* _Task item_: Show, from the entries below, every line in which "contours" appears.

* _Records_:
□ □ □ □ □ □ □
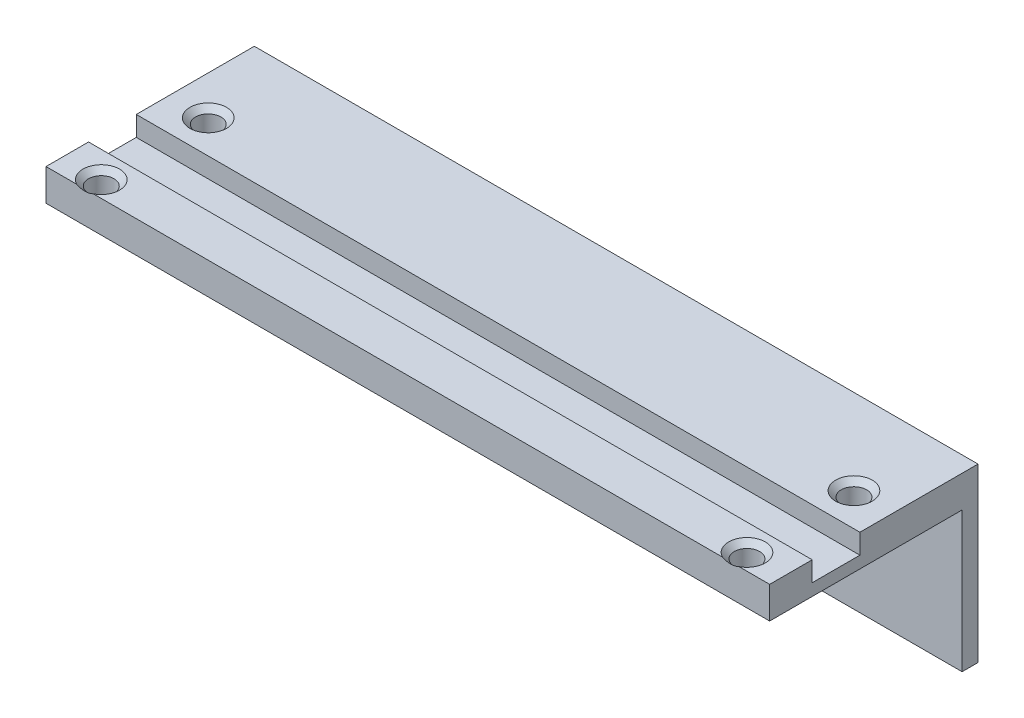
SolidWorks part; units mm, degrees
ref_plane "Front Plane" through (0, 0, 0) normal (0, 0, 1) x (1, 0, 0)
ref_plane "Top Plane" through (0, 0, 0) normal (0, 1, 0) x (1, 0, 0)
ref_plane "Right Plane" through (0, 0, 0) normal (1, 0, 0) x (0, 0, -1)
sketch "Sketch1" plane through (0, 0, 0) normal (0, 1, 0) x (1, 0, 0)
  line L5 (-45.5, 12) -> (45.5, 12)
  line L6 (-45.5, 12) -> (-45.5, -12)
  line L7 (-45.5, -12) -> (45.5, -12)
  line L8 (45.5, 12) -> (45.5, -12)
  line L9 (-45.5, 12) -> (45.5, -12) construction
  line L10 (-45.5, -12) -> (45.5, 12) construction
  point P0 (0, 0)
  dimension "D1" = 91
  dimension "D2" = 24
extrude "Boss-Extrude1" add sketch "Sketch1" along normal blind 4
sketch "Sketch2" plane through (0, 4, 0) normal (0, 1, 0) x (1, 0, 0)
  circle A0 centre (-40.6, 3.5) radius 1.6
  circle A2 centre (-40.6, -9.95) radius 1.6
  circle A3 centre (40.6, 3.5) radius 1.6
  circle A4 centre (40.6, -9.95) radius 1.6
  line B0 (-42.6, 12) -> (-42.6, -12)
  line B1 (-42.6, -12) -> (42.6, -12)
  line B2 (42.6, -12) -> (42.6, 12)
  line B3 (42.6, 12) -> (-42.6, 12)
  line B4 (-42.6, 0) -> (42.6, 0) construction
  line B5 (0, 12) -> (0, -12) construction
  arc B6 (41.75, -9.95) -> (39.45, -9.95) centre (40.6, -9.95) ccw
  arc B7 (39.45, -9.95) -> (41.75, -9.95) centre (40.6, -9.95) ccw
  arc B8 (41.75, 3.5) -> (39.45, 3.5) centre (40.6, 3.5) ccw
  arc B9 (39.45, 3.5) -> (41.75, 3.5) centre (40.6, 3.5) ccw
  arc B10 (11.65, 3.5) -> (9.35, 3.5) centre (10.5, 3.5) ccw
  arc B11 (9.35, 3.5) -> (11.65, 3.5) centre (10.5, 3.5) ccw
  arc B12 (11.65, -9.95) -> (9.35, -9.95) centre (10.5, -9.95) ccw
  arc B13 (9.35, -9.95) -> (11.65, -9.95) centre (10.5, -9.95) ccw
  arc B14 (-39.45, -9.95) -> (-41.75, -9.95) centre (-40.6, -9.95) ccw
  arc B15 (-41.75, -9.95) -> (-39.45, -9.95) centre (-40.6, -9.95) ccw
  arc B16 (-39.45, 3.5) -> (-41.75, 3.5) centre (-40.6, 3.5) ccw
  arc B17 (-41.75, 3.5) -> (-39.45, 3.5) centre (-40.6, 3.5) ccw
  arc B18 (-22.05, -3.65) -> (-20.55, -3.65) centre (-21.3, -3.65) ccw
  arc B19 (-20.55, -3.65) -> (-22.05, -3.65) centre (-21.3, -3.65) ccw
  arc B20 (-9.35, -9.95) -> (-11.65, -9.95) centre (-10.5, -9.95) ccw
  arc B21 (-11.65, -9.95) -> (-9.35, -9.95) centre (-10.5, -9.95) ccw
  arc B22 (20.55, -3.65) -> (22.05, -3.65) centre (21.3, -3.65) ccw
  arc B23 (22.05, -3.65) -> (20.55, -3.65) centre (21.3, -3.65) ccw
  arc B24 (-39.55, -3.65) -> (-38.05, -3.65) centre (-38.8, -3.65) ccw
  arc B25 (-38.05, -3.65) -> (-39.55, -3.65) centre (-38.8, -3.65) ccw
  arc B26 (38.05, -3.65) -> (39.55, -3.65) centre (38.8, -3.65) ccw
  arc B27 (39.55, -3.65) -> (38.05, -3.65) centre (38.8, -3.65) ccw
  arc B28 (-11.65, 3.5) -> (-9.35, 3.5) centre (-10.5, 3.5) ccw
  arc B29 (-9.35, 3.5) -> (-11.65, 3.5) centre (-10.5, 3.5) ccw
  dimension "D1" = 3.2
  dimension "D2" = 3.2
  dimension "D3" = 3.2
  dimension "D4" = 3.2
sketch_block_instance "Block2-2"
sketch_block "Block2"
extrude "Cut-Extrude1" cut sketch "Sketch2" against normal through all contours A2 | A4 | A0 | A3
chamfer "Chamfer1" distance 0.7 angle 45 4 edges at (-40.6, 4, 11.55) (-40.6, 4, -1.9) (40.6, 4, -1.9) (40.6, 4, 11.55)
sketch "Sketch3" plane through (0, 4, 0) normal (0, 1, 0) x (1, 0, 0)
  line L0 (-45.5, 12) -> (-45.5, -12) construction
  line L1 (-45.5, -0.65) -> (45.5, -0.65)
  line L2 (-45.5, -0.65) -> (-45.5, -6.65)
  line L3 (-45.5, -6.65) -> (45.5, -6.65)
  line L4 (45.5, -0.65) -> (45.5, -6.65)
  line L5 (45.5, -12) -> (45.5, 12) construction
  line L6 (-45.5, -3.65) -> (45.5, -3.65) construction
  line L7 (-38.8, -3.65) -> (-21.3, -3.65) construction
  line B0 (-42.6, 12) -> (-42.6, -12)
  line B1 (-42.6, -12) -> (42.6, -12)
  line B2 (42.6, -12) -> (42.6, 12)
  line B3 (42.6, 12) -> (-42.6, 12)
  line B4 (-42.6, 0) -> (42.6, 0) construction
  line B5 (0, 12) -> (0, -12) construction
  arc B6 (41.75, -9.95) -> (39.45, -9.95) centre (40.6, -9.95) ccw
  arc B7 (39.45, -9.95) -> (41.75, -9.95) centre (40.6, -9.95) ccw
  arc B8 (41.75, 3.5) -> (39.45, 3.5) centre (40.6, 3.5) ccw
  arc B9 (39.45, 3.5) -> (41.75, 3.5) centre (40.6, 3.5) ccw
  arc B10 (11.65, 3.5) -> (9.35, 3.5) centre (10.5, 3.5) ccw
  arc B11 (9.35, 3.5) -> (11.65, 3.5) centre (10.5, 3.5) ccw
  arc B12 (11.65, -9.95) -> (9.35, -9.95) centre (10.5, -9.95) ccw
  arc B13 (9.35, -9.95) -> (11.65, -9.95) centre (10.5, -9.95) ccw
  arc B14 (-39.45, -9.95) -> (-41.75, -9.95) centre (-40.6, -9.95) ccw
  arc B15 (-41.75, -9.95) -> (-39.45, -9.95) centre (-40.6, -9.95) ccw
  arc B16 (-39.45, 3.5) -> (-41.75, 3.5) centre (-40.6, 3.5) ccw
  arc B17 (-41.75, 3.5) -> (-39.45, 3.5) centre (-40.6, 3.5) ccw
  arc B18 (-22.05, -3.65) -> (-20.55, -3.65) centre (-21.3, -3.65) ccw
  arc B19 (-20.55, -3.65) -> (-22.05, -3.65) centre (-21.3, -3.65) ccw
  arc B20 (-9.35, -9.95) -> (-11.65, -9.95) centre (-10.5, -9.95) ccw
  arc B21 (-11.65, -9.95) -> (-9.35, -9.95) centre (-10.5, -9.95) ccw
  arc B22 (20.55, -3.65) -> (22.05, -3.65) centre (21.3, -3.65) ccw
  arc B23 (22.05, -3.65) -> (20.55, -3.65) centre (21.3, -3.65) ccw
  arc B24 (-39.55, -3.65) -> (-38.05, -3.65) centre (-38.8, -3.65) ccw
  arc B25 (-38.05, -3.65) -> (-39.55, -3.65) centre (-38.8, -3.65) ccw
  arc B26 (38.05, -3.65) -> (39.55, -3.65) centre (38.8, -3.65) ccw
  arc B27 (39.55, -3.65) -> (38.05, -3.65) centre (38.8, -3.65) ccw
  arc B28 (-11.65, 3.5) -> (-9.35, 3.5) centre (-10.5, 3.5) ccw
  arc B29 (-9.35, 3.5) -> (-11.65, 3.5) centre (-10.5, 3.5) ccw
  dimension "D1" = 6
sketch_block_instance "Block2-3"
extrude "Cut-Extrude2" cut sketch "Sketch3" against normal blind 2.5 contours L2 L1 L4 L3
sketch "Sketch4" plane through (0, 0, -12) normal (0, 0, -1) x (-1, 0, 0)
  line L1 (-45.5, 4) -> (45.5, 4)
  line L2 (-45.5, 4) -> (-45.5, 0)
  line L3 (-45.5, 0) -> (45.5, 0)
  line L4 (45.5, 4) -> (45.5, 0)
extrude "Boss-Extrude2" add sketch "Sketch4" along normal blind 2.2
sketch "Sketch5" plane through (0, 0, 0) normal (0, -1, 0) x (1, 0, 0)
  line L0 (45.5, 12) -> (45.5, -14.2) construction
  line L1 (-45.5, -14.2) -> (45.5, -14.2)
  line L2 (-45.5, -14.2) -> (-45.5, -12.2)
  line L3 (-45.5, -12.2) -> (45.5, -12.2)
  line L4 (45.5, -14.2) -> (45.5, -12.2)
  dimension "D1" = 2
extrude "Boss-Extrude3" add sketch "Sketch5" along normal blind 17.62
sketch "Sketch6" plane through (0, 0, -12.2) normal (0, 0, 1) x (1, 0, 0)
  line L0 (0, -17.62) -> (0, -10.12) construction
  line L1 (45.5, -17.62) -> (-45.5, -17.62) construction
  line L2 (0, -10.12) -> (21.25, -10.12) construction
  line L3 (0, -10.12) -> (-21.25, -10.12) construction
  circle A0 centre (-21.25, -10.12) radius 1.75
  circle A1 centre (0, -10.12) radius 1.75
  circle A2 centre (21.25, -10.12) radius 1.75
  dimension "D4" = 3.5
  dimension "D5" = 3.5
  dimension "D6" = 3.5
  dimension "D1" = 21.25
  dimension "D2" = 21.25
  dimension "D3" = 7.5
extrude "Cut-Extrude3" cut sketch "Sketch6" against normal through all
□ □ □ □ □ □ □
* _Written answer_:
extrude "Cut-Extrude1" cut sketch "Sketch2" against normal through all contours A2 | A4 | A0 | A3
extrude "Cut-Extrude2" cut sketch "Sketch3" against normal blind 2.5 contours L2 L1 L4 L3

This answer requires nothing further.